We are facing an issue during the startup of one of our Gas Turbines Units. When the unit is on turning gear, Auxiliary lube oil pump (AC) is running and delivering normal pressure (around 6 Bars). However, during startup while unit is accelerating at 1500 RPM, the pump header pressure drops to around 4 bars and the bearing header pressure drops from 1.8 to 1.5 bars. Moreover, we observed that control oil pressure for IGV is also dropping from 3.8 to 1.9 bars.
All the above parameters reached to the minimum at around 1800 RPM, after that it starts to accelerate again gradually until it reach to the normal values near to FSNL speed. After loading the units, the parameters also are OK.


Remark : No recent activities were done on the units.

Please advise your thoughts and possibilities if someone faced similar experience before.

 

I haven't faced a similar problem yet

Maybe the seal oil has trouble to ajust during acceleration:
If it overflow you will find oil either in the generator casing or on the ground in excitation collector housing
The generator seal can be worn or misplaced and speed variation affect them a lot

Can you search how the oil flow through seal oil system behave during acceleration?

 

Can you check how the pressure in pump discharge and header is controller. There should be a PRV/PCV in the circuit that you may want to check the behavior.
If not most likely this maybe a pump issue assuming there is no leaks in the circuit

 

GE-design Frame 9E heavy duty gas turbines which use an Accessory Gear have the Main L.O. pump inside the Accessory Gear assembly. The Main L.O. Pump is a positive displacement pump and there is a relief valve (yes--relief valve) used to control the discharge pressure of the Main L.O. pump. The Auxiliary L.O. Pump is a centrifugal pump and does not use any kind of pressure regulating device. The discharges of the two L.O. pumps do join each other before entering the L.O. Bearing pressure regulator assembly to control bearing header pressure. There is usually a check valve in the Aux. L.O. Pump discharge to prevent back-pressuring the Aux. L.O. Pump by the Main L.O. Pump discharge and also to prevent Main L.O. pump discharge from flowing backwards through the Aux. L.O. Pump when the Aux. L.O. Pump is not running (which would reduce flow/pressure from the Main L.O. Pump to the other systems which use L.O. (Control/Trip Oil; Hydraulic Oil; Seal Oil (if required)).

ALL of this can be researched and verified using the L.O. P&ID. Using the L.O. P&ID one can see all of the various components of the system and make decisions about which components to check for proper operation/function. MANY troubleshooting systems are processes of elimination--working through various components/systems and possible scenarios to eliminate those which are found to be functioning properly until the source of the problem(s) are found and resolved. THIS is one of those problems where using the P&ID is required to make decisisons about which devices/components might be the cause of the problem.

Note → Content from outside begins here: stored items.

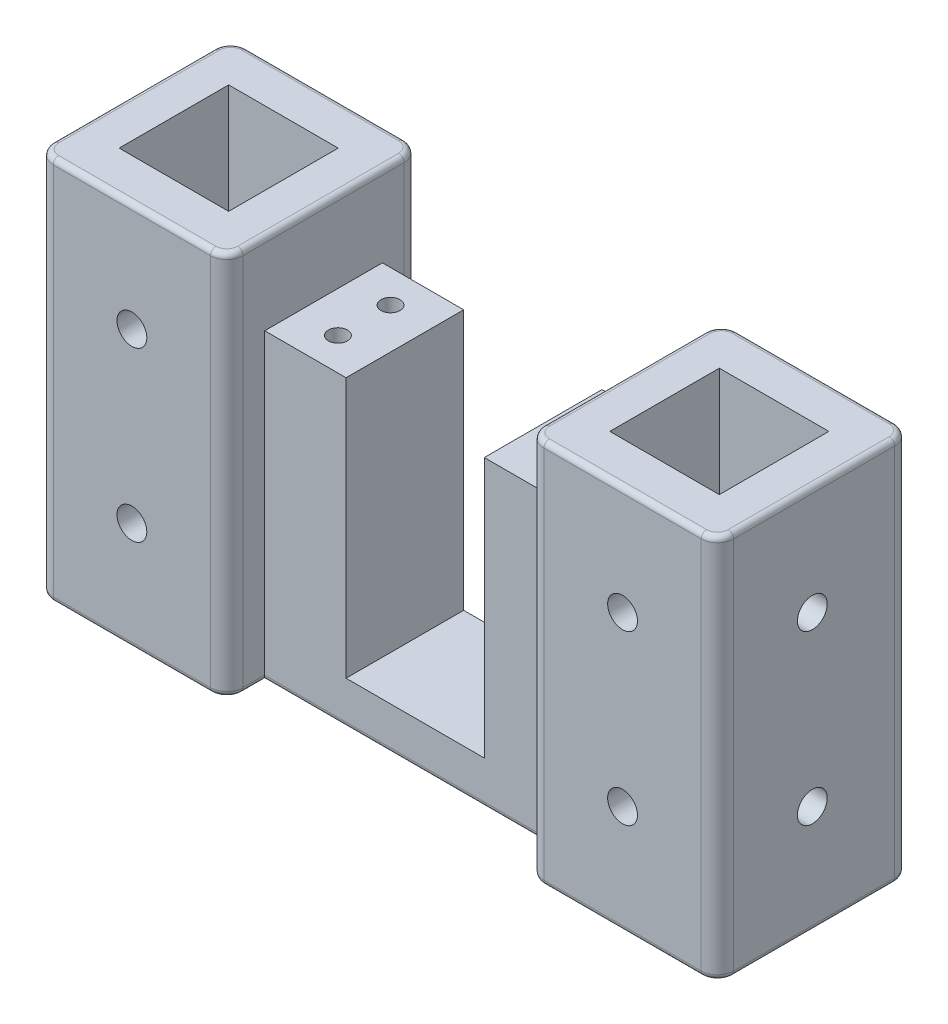
from build123d import *

# Parameters (mm, degrees)
BOSS_EXTRUDE1_DEPTH     = 21.7
SKETCH2_R               = 1.75
CUT_EXTRUDE1_DEPTH      = 10
SKETCH3_W               = 35.7
SKETCH3_H               = 71
BOSS_EXTRUDE2_DEPTH     = 35
SKETCH4_W               = 20.2
SKETCH4_H               = 20.2
CUT_EXTRUDE2_DEPTH      = 72
SKETCH5_R               = 2.75
CUT_EXTRUDE3_DEPTH      = 10
MIRROR5_COPY_1_SKETCH_R = 2.75
MIRROR5_COPY_1_DEPTH    = 10
MIRROR5_COPY_2_SKETCH_R = 2.75
MIRROR5_COPY_2_DEPTH    = 10
MIRROR6_COPY_1_SKETCH_R = 2.75
MIRROR6_COPY_1_DEPTH    = 10
FILLET1_R               = 3
FILLET2_R               = 1


with BuildPart() as part:
    # Sketch1 → Boss-Extrude1 (new body)
    with BuildSketch(Plane.XY):
        Polygon((27.75, 0), (-27.75, 0), (-27.75, 56), (-12.75, 56), (-12.75, 8), (12.75, 8), (12.75, 56), (27.75, 56), align=None)
    extrude(amount=BOSS_EXTRUDE1_DEPTH)

    # Sketch2 → Cut-Extrude1 (cut)
    with BuildSketch(Plane(origin=(0, 56, 0), x_dir=(1, 0, 0), z_dir=(0, 1, 0))):
        with Locations((20.25, -6)):
            Circle(SKETCH2_R)
        with Locations((20.25, -15.7)):
            Circle(SKETCH2_R)
        with Locations((-20.25, -15.7)):
            Circle(SKETCH2_R)
        with Locations((-20.25, -6)):
            Circle(SKETCH2_R)
    extrude(amount=-CUT_EXTRUDE1_DEPTH, mode=Mode.SUBTRACT)

    # Sketch3 → Boss-Extrude2 (add)
    with BuildSketch(Plane(origin=(27.75, 0, 0), x_dir=(0, 0, -1), z_dir=(1, 0, 0))):
        with Locations((-10.85, 35.5)):
            Rectangle(SKETCH3_W, SKETCH3_H)
    boss_extrude2 = extrude(amount=BOSS_EXTRUDE2_DEPTH)

    # Mirror1: Boss-Extrude2 across plane
    add(boss_extrude2.mirror(Plane(origin=(0, 0, 0), x_dir=(0, 0, 1), z_dir=(1, 0, 0))))

    # Sketch4 → Cut-Extrude2 (cut, through all)
    with BuildSketch(Plane.XZ):
        with Locations((45.25, 10.85)):
            Rectangle(SKETCH4_W, SKETCH4_H)
    cut_extrude2 = extrude(amount=-CUT_EXTRUDE2_DEPTH, mode=Mode.SUBTRACT)

    # Mirror2: Cut-Extrude2 across plane
    add(cut_extrude2.mirror(Plane(origin=(0, 0, 0), x_dir=(0, 0, 1), z_dir=(1, 0, 0))), mode=Mode.SUBTRACT)

    # Sketch5 → Cut-Extrude3 (cut)
    with BuildSketch(Plane.XY.offset(28.7)):
        with Locations((45.25, 51)):
            Circle(SKETCH5_R)
        with Locations((45.25, 20)):
            Circle(SKETCH5_R)
    cut_extrude3 = extrude(amount=-CUT_EXTRUDE3_DEPTH, mode=Mode.SUBTRACT)

    # Mirror3: Cut-Extrude3 across plane
    add(cut_extrude3.mirror(Plane(origin=(0, 0, 0), x_dir=(0, 0, 1), z_dir=(1, 0, 0))), mode=Mode.SUBTRACT)

    # Mirror4: Cut-Extrude3 across plane
    add(cut_extrude3.mirror(Plane(origin=(17.649039404, 0, -17.302979808), x_dir=(0.700071411, 0, 0.714072839), z_dir=(0.714072839, 0, -0.700071411))), mode=Mode.SUBTRACT)

    # Mirror5 copy 1 sketch → Mirror5 copy 1 (cut)
    with BuildSketch(Plane(origin=(-63.99245246, 0, -34.03769849), x_dir=(0.019800039, 0, 0.99980396), z_dir=(-0.99980396, 0, 0.019800039))):
        with Locations((45.25, 51)):
            Circle(MIRROR5_COPY_1_SKETCH_R)
        with Locations((45.25, 20)):
            Circle(MIRROR5_COPY_1_SKETCH_R)
    extrude(amount=-MIRROR5_COPY_1_DEPTH, mode=Mode.SUBTRACT)

    # Mirror5 copy 2 sketch → Mirror5 copy 2 (cut)
    with BuildSketch(Plane(origin=(-63.99245246, 0, -34.03769849), x_dir=(-0.019800039, 0, -0.99980396), z_dir=(-0.99980396, 0, 0.019800039))):
        with Locations((45.25, -51)):
            Circle(MIRROR5_COPY_2_SKETCH_R)
        with Locations((45.25, -20)):
            Circle(MIRROR5_COPY_2_SKETCH_R)
    extrude(amount=-MIRROR5_COPY_2_DEPTH, mode=Mode.SUBTRACT)

    # Mirror6: Cut-Extrude3 across plane
    add(cut_extrude3.mirror(Plane(origin=(0, 0, 10.85), x_dir=(1, 0, 0), z_dir=(0, 0, -1))), mode=Mode.SUBTRACT)

    # Mirror6 copy 1 sketch → Mirror6 copy 1 (cut)
    with BuildSketch(Plane(origin=(0, 0, -7), x_dir=(-1, 0, 0), z_dir=(0, 0, -1))):
        with Locations((45.25, 51)):
            Circle(MIRROR6_COPY_1_SKETCH_R)
        with Locations((45.25, 20)):
            Circle(MIRROR6_COPY_1_SKETCH_R)
    extrude(amount=-MIRROR6_COPY_1_DEPTH, mode=Mode.SUBTRACT)

    # Fillet1
    fillet1_edges = [part.edges().sort_by_distance(p)[0] for p in [
        (27.75, 35.5, -7),
        (27.75, 35.5, 28.7),
        (62.75, 35.5, -7),
        (62.75, 35.5, 28.7),
        (-27.75, 35.5, -7),
        (-27.75, 35.5, 28.7),
        (-62.75, 35.5, -7),
        (-62.75, 35.5, 28.7),
    ]]
    fillet(fillet1_edges, radius=FILLET1_R)

    # Fillet2
    fillet2_edges = [part.edges().sort_by_distance(p)[0] for p in [
        (-45.25, 71, 28.7),
        (-45.25, 0, 28.7),
        (45.25, 0, -7),
        (62.75, 0, 10.85),
        (45.25, 0, 28.7),
        (27.75, 0, 23.7),
        (-27.75, 0, 23.7),
        (-62.75, 0, 10.85),
        (-45.25, 0, -7),
        (-61.871320344, 0, -6.121320344),
        (-28.628679656, 0, -6.121320344),
        (28.628679656, 0, -6.121320344),
        (61.871320344, 0, -6.121320344),
        (61.871320344, 0, 27.821320344),
        (28.628679656, 0, 27.821320344),
        (-28.628679656, 0, 27.821320344),
        (-61.871320344, 0, 27.821320344),
        (-62.75, 71, 10.85),
        (-27.75, 71, 10.85),
        (-45.25, 71, -7),
        (-61.871320344, 71, -6.121320344),
        (-28.628679656, 71, -6.121320344),
        (-28.628679656, 71, 27.821320344),
        (-61.871320344, 71, 27.821320344),
        (45.25, 71, 28.7),
        (27.75, 71, 10.85),
        (62.75, 71, 10.85),
        (45.25, 71, -7),
        (28.628679656, 71, -6.121320344),
        (61.871320344, 71, -6.121320344),
        (61.871320344, 71, 27.821320344),
        (28.628679656, 71, 27.821320344),
        (0, 0, 21.7),
        (27.75, 0, -2),
        (-27.75, 0, -2),
        (0, 0, 0),
    ]]
    fillet(fillet2_edges, radius=FILLET2_R)


solid = part.part

This particular problem is going to be more difficult to troubleshoot because some of the components are located in the L.O. tank/reservoir below the level of the oil. So, by using the P&ID and checking all of the components which are more easily accessible FIRST any decision about checking the other more inaccessible components/devices can be delayed until a more favorable time.

DO NOT overlook the Emer. L.O. Pump and it's components simply because it isn't running under normal conditions.

Logical troubleshooting is another term for 'process of elimination.' When working on an unfamiliar or complicated system one has to review and analyze the system (that's what the P&IDs are for!) and then make some educated guesses (yes--many times they are just guesses) based on configuration and accessibility one starts the process of working through various possibilities, eliminating devices and components based on sound testing until the cause(s) is(are) found and resolved.

Many older GE-design machines do not have pressure transmitters to monitor L.O. pressures (pump discharge; bearing header; Control/Trip Oil; Hydraulic system) and only use gauges on the Accessory Gauge Cabinet--and QUITE often these gauges are NOT tested/calibrated to ensure they are working correctly. Worse, the manual valves on the Acc. Gauge Cabinet are VERY OFTEN not properly set. Air in the lines (usually 1/8-inch tubing) is also a problem sometimes.

Please let us know what you find as you work through resolving this issue!

 

I will keep you guys updated once we resolve the issue.